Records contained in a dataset

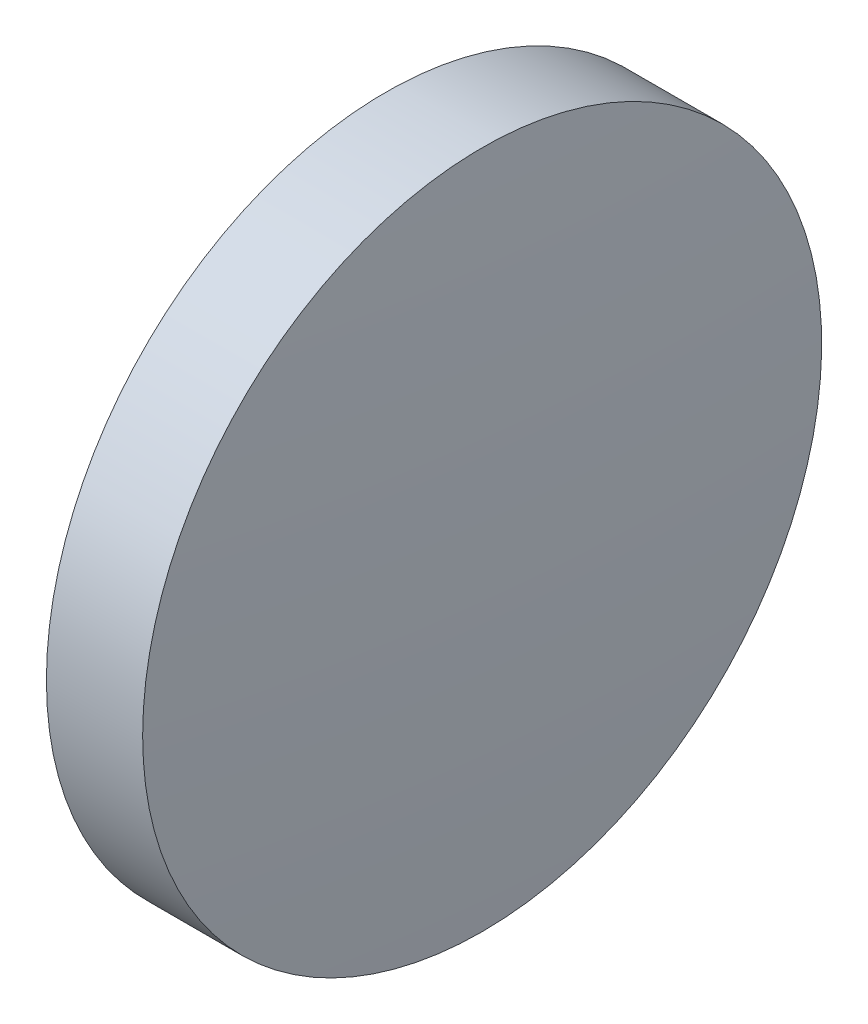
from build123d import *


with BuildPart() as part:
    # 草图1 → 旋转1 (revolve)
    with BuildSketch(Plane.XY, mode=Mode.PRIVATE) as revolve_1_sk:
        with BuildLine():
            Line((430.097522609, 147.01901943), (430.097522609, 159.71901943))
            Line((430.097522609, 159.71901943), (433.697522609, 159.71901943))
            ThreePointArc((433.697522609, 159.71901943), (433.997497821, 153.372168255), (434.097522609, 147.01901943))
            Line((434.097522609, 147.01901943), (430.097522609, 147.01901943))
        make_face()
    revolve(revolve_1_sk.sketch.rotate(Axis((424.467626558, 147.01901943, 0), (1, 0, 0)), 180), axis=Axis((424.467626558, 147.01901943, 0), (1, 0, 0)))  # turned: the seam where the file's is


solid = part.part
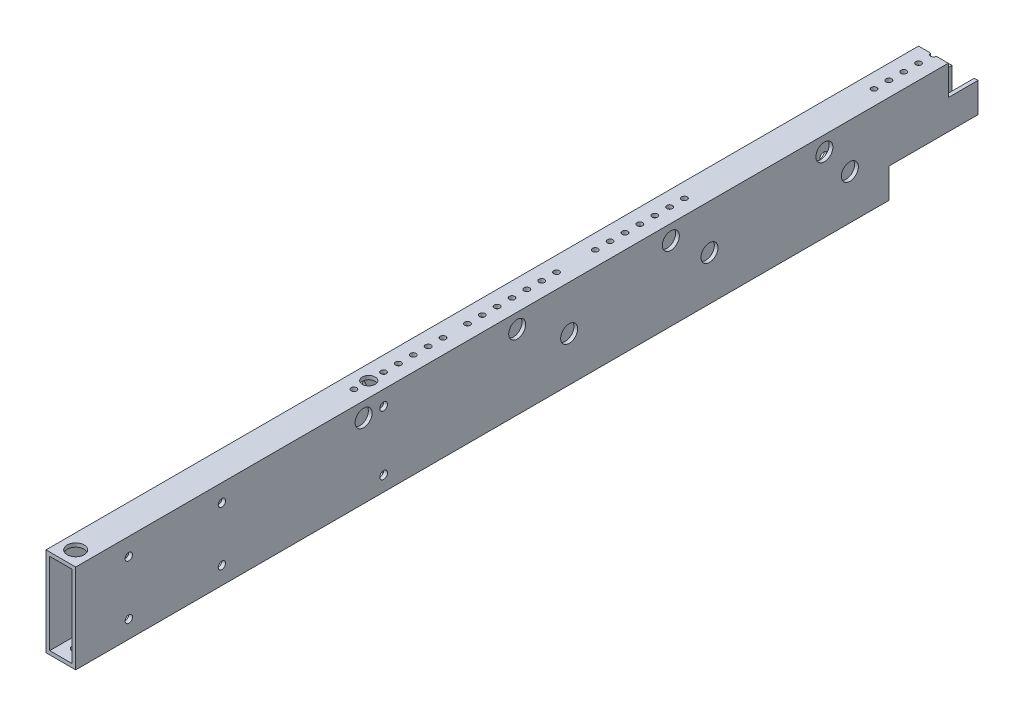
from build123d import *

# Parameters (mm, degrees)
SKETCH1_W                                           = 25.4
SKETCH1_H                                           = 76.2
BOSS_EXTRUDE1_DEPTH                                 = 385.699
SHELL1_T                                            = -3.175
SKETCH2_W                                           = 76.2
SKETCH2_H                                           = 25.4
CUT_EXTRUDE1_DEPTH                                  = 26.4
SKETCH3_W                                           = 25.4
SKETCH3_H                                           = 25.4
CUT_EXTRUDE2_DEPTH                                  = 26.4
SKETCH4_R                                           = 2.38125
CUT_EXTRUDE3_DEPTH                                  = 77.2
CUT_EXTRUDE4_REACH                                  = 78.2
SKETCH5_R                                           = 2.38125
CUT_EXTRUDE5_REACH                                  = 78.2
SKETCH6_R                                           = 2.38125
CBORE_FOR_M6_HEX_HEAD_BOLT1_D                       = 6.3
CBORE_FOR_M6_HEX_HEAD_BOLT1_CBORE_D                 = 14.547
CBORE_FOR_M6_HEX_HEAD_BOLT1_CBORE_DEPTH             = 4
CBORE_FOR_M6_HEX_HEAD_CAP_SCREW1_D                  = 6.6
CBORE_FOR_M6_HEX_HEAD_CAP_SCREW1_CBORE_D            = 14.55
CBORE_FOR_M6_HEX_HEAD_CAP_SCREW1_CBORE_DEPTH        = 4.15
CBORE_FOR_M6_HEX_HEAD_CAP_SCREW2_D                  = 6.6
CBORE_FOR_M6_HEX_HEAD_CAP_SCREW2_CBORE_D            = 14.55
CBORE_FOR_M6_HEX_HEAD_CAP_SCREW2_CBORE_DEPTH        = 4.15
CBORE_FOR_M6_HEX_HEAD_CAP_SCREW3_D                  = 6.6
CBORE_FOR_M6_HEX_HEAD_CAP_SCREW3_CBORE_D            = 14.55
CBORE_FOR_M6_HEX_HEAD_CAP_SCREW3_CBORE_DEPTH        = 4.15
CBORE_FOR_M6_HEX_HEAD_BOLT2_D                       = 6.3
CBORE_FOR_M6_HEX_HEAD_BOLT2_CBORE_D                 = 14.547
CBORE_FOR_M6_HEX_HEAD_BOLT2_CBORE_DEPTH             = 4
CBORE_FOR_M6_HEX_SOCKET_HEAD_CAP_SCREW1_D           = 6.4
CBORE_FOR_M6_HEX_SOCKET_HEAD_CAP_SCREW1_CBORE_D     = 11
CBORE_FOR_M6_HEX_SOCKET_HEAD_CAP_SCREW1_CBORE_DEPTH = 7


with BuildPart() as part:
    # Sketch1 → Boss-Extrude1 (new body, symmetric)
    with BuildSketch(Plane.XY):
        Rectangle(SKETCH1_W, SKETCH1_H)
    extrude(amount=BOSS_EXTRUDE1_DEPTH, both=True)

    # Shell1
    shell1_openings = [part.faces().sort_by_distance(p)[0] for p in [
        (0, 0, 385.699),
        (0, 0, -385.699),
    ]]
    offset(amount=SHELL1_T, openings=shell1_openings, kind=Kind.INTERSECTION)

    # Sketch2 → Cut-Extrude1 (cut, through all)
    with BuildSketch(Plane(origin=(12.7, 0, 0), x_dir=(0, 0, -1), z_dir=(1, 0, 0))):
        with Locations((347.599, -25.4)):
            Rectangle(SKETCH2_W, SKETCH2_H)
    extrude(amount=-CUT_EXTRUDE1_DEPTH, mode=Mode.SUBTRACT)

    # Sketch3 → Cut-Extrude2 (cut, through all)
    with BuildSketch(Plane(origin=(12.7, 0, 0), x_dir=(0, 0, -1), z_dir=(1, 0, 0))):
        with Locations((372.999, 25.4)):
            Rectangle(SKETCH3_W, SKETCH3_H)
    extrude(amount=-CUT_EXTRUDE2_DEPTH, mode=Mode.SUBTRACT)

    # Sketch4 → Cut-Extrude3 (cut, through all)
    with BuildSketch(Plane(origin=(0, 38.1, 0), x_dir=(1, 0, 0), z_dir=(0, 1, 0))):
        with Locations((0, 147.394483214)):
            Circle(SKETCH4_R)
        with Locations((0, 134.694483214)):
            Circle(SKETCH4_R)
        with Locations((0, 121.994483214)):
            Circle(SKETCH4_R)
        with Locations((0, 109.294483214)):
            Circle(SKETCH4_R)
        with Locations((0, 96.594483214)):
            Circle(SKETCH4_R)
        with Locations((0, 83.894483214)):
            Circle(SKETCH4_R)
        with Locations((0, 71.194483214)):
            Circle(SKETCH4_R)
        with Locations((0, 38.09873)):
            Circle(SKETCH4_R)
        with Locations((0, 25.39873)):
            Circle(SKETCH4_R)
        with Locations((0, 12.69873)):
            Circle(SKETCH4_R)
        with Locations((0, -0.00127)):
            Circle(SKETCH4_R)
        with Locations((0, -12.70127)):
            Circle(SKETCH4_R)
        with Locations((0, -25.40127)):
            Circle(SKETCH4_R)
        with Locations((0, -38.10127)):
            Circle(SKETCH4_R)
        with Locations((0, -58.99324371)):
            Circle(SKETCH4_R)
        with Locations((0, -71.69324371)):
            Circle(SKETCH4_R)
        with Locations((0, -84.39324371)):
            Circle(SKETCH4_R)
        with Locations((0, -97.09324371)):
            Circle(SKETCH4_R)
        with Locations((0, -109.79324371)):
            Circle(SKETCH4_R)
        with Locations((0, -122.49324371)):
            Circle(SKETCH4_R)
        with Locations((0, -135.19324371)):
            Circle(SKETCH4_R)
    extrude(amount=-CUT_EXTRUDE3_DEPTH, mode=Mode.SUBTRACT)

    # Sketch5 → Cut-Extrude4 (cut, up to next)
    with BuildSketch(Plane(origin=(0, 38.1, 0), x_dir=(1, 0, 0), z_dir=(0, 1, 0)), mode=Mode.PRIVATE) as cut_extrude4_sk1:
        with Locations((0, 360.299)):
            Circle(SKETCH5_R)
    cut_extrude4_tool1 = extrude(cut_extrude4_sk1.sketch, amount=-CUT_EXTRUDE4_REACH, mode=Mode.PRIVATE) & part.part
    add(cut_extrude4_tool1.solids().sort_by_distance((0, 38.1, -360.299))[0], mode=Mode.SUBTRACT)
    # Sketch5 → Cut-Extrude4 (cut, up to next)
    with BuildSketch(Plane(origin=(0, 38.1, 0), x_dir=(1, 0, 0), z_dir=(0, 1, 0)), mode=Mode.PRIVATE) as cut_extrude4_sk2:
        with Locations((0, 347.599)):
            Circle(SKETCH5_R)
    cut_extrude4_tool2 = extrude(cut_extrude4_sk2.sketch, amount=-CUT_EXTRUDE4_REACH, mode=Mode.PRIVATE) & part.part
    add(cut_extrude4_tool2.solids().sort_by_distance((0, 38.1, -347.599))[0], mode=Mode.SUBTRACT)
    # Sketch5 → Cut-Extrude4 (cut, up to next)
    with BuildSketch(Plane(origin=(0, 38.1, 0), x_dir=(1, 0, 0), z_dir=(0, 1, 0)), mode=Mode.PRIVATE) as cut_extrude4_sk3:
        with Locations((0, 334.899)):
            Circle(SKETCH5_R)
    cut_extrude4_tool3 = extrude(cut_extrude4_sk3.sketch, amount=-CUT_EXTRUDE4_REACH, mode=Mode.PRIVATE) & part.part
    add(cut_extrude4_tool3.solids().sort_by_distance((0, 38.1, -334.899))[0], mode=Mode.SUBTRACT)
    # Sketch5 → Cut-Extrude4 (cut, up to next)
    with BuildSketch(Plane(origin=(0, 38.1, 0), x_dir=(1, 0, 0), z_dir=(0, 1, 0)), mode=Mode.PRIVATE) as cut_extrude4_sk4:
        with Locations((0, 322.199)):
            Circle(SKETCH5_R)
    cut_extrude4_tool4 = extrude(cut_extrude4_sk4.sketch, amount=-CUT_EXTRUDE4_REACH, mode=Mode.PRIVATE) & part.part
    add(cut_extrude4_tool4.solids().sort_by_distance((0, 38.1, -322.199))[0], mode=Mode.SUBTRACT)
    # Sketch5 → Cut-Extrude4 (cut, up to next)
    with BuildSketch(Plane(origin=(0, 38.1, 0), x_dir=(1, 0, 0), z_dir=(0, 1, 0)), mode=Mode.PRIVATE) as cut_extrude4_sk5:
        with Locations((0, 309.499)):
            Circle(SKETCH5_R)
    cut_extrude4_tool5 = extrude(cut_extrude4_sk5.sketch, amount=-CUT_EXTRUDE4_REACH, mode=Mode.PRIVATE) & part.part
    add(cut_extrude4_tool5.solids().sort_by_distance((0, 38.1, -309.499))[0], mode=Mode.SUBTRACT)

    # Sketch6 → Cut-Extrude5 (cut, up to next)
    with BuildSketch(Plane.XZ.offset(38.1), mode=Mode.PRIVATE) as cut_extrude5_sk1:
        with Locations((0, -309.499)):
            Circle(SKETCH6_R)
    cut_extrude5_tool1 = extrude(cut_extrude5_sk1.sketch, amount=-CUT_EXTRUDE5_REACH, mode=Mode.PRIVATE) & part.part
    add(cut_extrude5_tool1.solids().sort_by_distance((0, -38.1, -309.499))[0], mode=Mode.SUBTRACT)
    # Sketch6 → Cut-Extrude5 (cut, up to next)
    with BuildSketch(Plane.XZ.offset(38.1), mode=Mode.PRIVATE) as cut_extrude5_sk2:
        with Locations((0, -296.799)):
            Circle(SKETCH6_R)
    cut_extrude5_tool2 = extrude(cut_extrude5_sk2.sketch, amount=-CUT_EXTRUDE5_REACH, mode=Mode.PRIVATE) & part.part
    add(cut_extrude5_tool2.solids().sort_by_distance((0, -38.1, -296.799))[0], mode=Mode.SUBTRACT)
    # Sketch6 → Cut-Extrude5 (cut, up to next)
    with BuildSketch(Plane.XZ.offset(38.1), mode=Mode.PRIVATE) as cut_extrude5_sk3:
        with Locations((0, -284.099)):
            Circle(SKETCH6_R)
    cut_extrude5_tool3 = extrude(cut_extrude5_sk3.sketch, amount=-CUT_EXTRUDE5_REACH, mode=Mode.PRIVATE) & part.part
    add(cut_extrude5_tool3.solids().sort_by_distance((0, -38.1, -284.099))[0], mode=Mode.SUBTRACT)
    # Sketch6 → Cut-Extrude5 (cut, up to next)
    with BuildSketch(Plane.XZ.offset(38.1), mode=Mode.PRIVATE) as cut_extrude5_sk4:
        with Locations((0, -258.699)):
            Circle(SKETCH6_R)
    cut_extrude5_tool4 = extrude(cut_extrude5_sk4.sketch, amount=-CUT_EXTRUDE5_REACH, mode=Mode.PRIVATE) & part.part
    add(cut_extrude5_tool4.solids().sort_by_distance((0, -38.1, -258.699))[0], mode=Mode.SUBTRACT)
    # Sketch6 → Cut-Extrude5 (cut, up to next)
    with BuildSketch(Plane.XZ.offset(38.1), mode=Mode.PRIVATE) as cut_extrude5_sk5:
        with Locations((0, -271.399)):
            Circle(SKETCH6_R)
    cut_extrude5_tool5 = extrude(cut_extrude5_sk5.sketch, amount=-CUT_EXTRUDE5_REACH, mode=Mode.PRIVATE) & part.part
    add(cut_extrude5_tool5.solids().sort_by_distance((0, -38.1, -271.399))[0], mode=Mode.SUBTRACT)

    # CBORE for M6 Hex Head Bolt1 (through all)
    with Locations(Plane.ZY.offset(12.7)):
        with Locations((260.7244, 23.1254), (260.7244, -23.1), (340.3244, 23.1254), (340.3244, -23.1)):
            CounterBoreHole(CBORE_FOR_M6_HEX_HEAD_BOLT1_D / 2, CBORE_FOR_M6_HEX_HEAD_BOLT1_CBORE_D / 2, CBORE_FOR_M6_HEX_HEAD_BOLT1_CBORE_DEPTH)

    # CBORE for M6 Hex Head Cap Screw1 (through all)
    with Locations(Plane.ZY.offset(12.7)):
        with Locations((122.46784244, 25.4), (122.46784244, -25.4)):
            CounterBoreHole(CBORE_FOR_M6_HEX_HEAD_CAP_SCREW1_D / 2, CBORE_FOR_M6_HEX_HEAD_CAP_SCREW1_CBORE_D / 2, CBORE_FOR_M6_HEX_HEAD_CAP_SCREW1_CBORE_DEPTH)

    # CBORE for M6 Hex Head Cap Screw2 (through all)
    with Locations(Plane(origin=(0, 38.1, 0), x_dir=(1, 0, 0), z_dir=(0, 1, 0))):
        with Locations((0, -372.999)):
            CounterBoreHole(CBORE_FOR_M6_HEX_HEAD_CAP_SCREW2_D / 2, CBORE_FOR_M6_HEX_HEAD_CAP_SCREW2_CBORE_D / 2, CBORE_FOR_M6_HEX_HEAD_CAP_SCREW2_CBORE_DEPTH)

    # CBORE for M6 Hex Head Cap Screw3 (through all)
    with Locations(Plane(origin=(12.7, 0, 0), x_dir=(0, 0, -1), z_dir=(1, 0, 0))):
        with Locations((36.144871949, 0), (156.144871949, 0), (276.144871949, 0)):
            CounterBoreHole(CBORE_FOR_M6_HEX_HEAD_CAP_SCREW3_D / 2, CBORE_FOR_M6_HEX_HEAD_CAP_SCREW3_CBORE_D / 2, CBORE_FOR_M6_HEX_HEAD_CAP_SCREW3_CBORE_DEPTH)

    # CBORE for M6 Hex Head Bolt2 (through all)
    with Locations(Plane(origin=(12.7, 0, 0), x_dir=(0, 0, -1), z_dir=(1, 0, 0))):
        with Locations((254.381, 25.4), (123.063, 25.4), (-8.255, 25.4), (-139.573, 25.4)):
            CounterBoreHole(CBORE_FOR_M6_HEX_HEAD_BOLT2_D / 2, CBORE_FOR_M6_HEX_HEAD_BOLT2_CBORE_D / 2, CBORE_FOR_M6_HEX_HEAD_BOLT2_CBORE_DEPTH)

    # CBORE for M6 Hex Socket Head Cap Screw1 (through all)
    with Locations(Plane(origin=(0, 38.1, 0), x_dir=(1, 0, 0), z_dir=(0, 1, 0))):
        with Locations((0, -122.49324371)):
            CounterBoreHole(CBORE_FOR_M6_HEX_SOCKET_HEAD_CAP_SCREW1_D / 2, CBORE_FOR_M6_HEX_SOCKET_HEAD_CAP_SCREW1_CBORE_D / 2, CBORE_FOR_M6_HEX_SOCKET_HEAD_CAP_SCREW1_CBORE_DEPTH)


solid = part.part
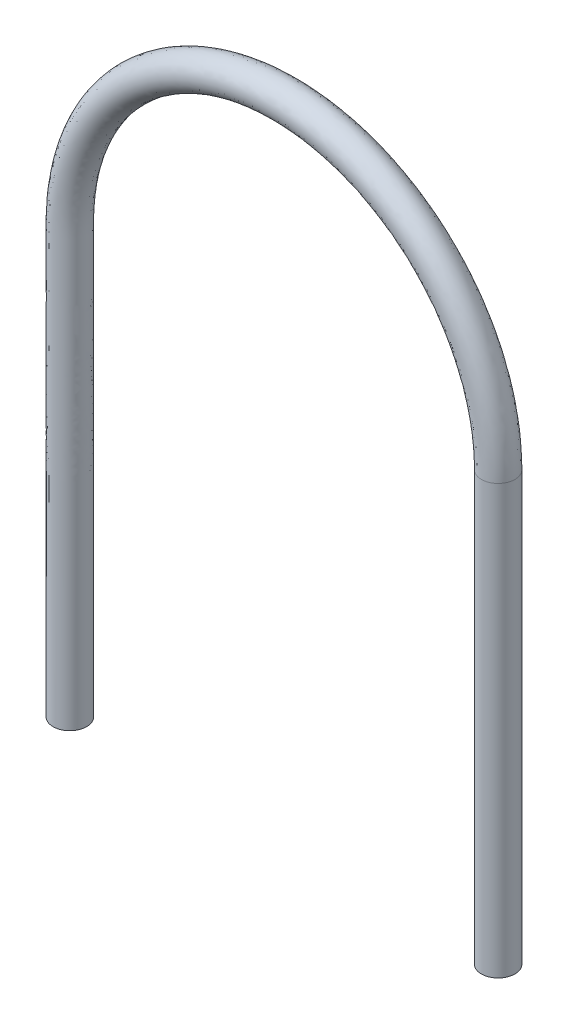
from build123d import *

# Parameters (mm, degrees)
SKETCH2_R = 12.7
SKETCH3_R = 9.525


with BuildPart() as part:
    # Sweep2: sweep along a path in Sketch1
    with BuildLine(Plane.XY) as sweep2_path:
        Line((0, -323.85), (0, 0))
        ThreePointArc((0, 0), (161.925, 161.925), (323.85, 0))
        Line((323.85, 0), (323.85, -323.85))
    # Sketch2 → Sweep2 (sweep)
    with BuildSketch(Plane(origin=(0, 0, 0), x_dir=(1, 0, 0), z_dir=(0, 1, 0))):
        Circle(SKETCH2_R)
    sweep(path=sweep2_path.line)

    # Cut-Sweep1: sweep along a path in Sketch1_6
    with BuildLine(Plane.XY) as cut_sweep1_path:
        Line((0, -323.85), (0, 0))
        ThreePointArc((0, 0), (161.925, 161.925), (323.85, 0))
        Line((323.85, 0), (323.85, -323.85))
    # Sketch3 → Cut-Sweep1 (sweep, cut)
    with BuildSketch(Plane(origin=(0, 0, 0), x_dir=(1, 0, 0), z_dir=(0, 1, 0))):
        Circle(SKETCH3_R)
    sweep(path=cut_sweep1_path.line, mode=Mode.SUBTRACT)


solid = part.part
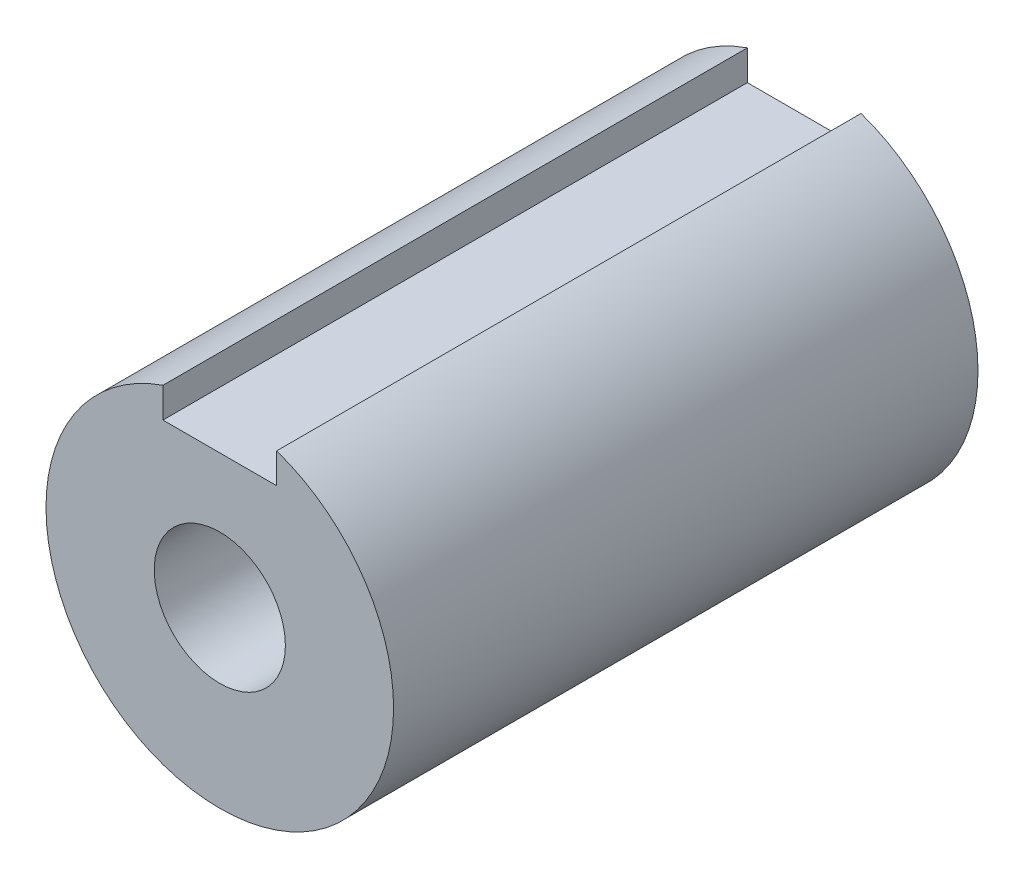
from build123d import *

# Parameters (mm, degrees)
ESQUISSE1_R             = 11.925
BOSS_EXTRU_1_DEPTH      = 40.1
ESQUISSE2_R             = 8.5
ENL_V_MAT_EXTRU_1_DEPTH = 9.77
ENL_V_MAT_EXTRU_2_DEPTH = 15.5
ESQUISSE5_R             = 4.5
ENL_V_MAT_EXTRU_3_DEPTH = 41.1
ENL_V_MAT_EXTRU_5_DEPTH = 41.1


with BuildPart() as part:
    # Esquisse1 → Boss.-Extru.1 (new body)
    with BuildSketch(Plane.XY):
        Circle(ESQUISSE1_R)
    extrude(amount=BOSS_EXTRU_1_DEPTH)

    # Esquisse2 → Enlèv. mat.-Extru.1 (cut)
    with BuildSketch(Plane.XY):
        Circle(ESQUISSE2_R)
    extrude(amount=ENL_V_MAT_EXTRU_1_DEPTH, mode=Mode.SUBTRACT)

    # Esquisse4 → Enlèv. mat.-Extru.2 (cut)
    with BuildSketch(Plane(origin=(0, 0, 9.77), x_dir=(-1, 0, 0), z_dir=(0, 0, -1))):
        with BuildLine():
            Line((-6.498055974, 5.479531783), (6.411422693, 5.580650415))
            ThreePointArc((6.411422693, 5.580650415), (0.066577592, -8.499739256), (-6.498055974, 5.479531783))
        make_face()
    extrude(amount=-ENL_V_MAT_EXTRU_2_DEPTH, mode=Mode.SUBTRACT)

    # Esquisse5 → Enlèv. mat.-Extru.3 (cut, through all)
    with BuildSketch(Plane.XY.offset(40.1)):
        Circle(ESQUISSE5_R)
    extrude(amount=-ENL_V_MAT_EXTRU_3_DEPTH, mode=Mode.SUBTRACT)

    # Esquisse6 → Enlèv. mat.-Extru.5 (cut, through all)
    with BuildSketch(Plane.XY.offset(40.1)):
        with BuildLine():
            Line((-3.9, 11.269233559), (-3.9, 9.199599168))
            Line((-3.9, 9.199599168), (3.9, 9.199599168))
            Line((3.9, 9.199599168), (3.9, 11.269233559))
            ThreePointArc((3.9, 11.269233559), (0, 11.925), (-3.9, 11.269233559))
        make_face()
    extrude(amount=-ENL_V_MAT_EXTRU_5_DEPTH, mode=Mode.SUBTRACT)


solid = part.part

◆ **EXERCISE GOAL**
Of all the entries above, retype exactly the lines from the line with "# Esquisse2 → Enlèv. mat.-Extru.1 (cut)" to the line with "Circle(ESQUISSE5_R)", both included, and no others.

◆ **ANSWER SECTION**
    # Esquisse2 → Enlèv. mat.-Extru.1 (cut)
    with BuildSketch(Plane.XY):
        Circle(ESQUISSE2_R)
    extrude(amount=ENL_V_MAT_EXTRU_1_DEPTH, mode=Mode.SUBTRACT)

    # Esquisse4 → Enlèv. mat.-Extru.2 (cut)
    with BuildSketch(Plane(origin=(0, 0, 9.77), x_dir=(-1, 0, 0), z_dir=(0, 0, -1))):
        with BuildLine():
            Line((-6.498055974, 5.479531783), (6.411422693, 5.580650415))
            ThreePointArc((6.411422693, 5.580650415), (0.066577592, -8.499739256), (-6.498055974, 5.479531783))
        make_face()
    extrude(amount=-ENL_V_MAT_EXTRU_2_DEPTH, mode=Mode.SUBTRACT)

    # Esquisse5 → Enlèv. mat.-Extru.3 (cut, through all)
    with BuildSketch(Plane.XY.offset(40.1)):
        Circle(ESQUISSE5_R)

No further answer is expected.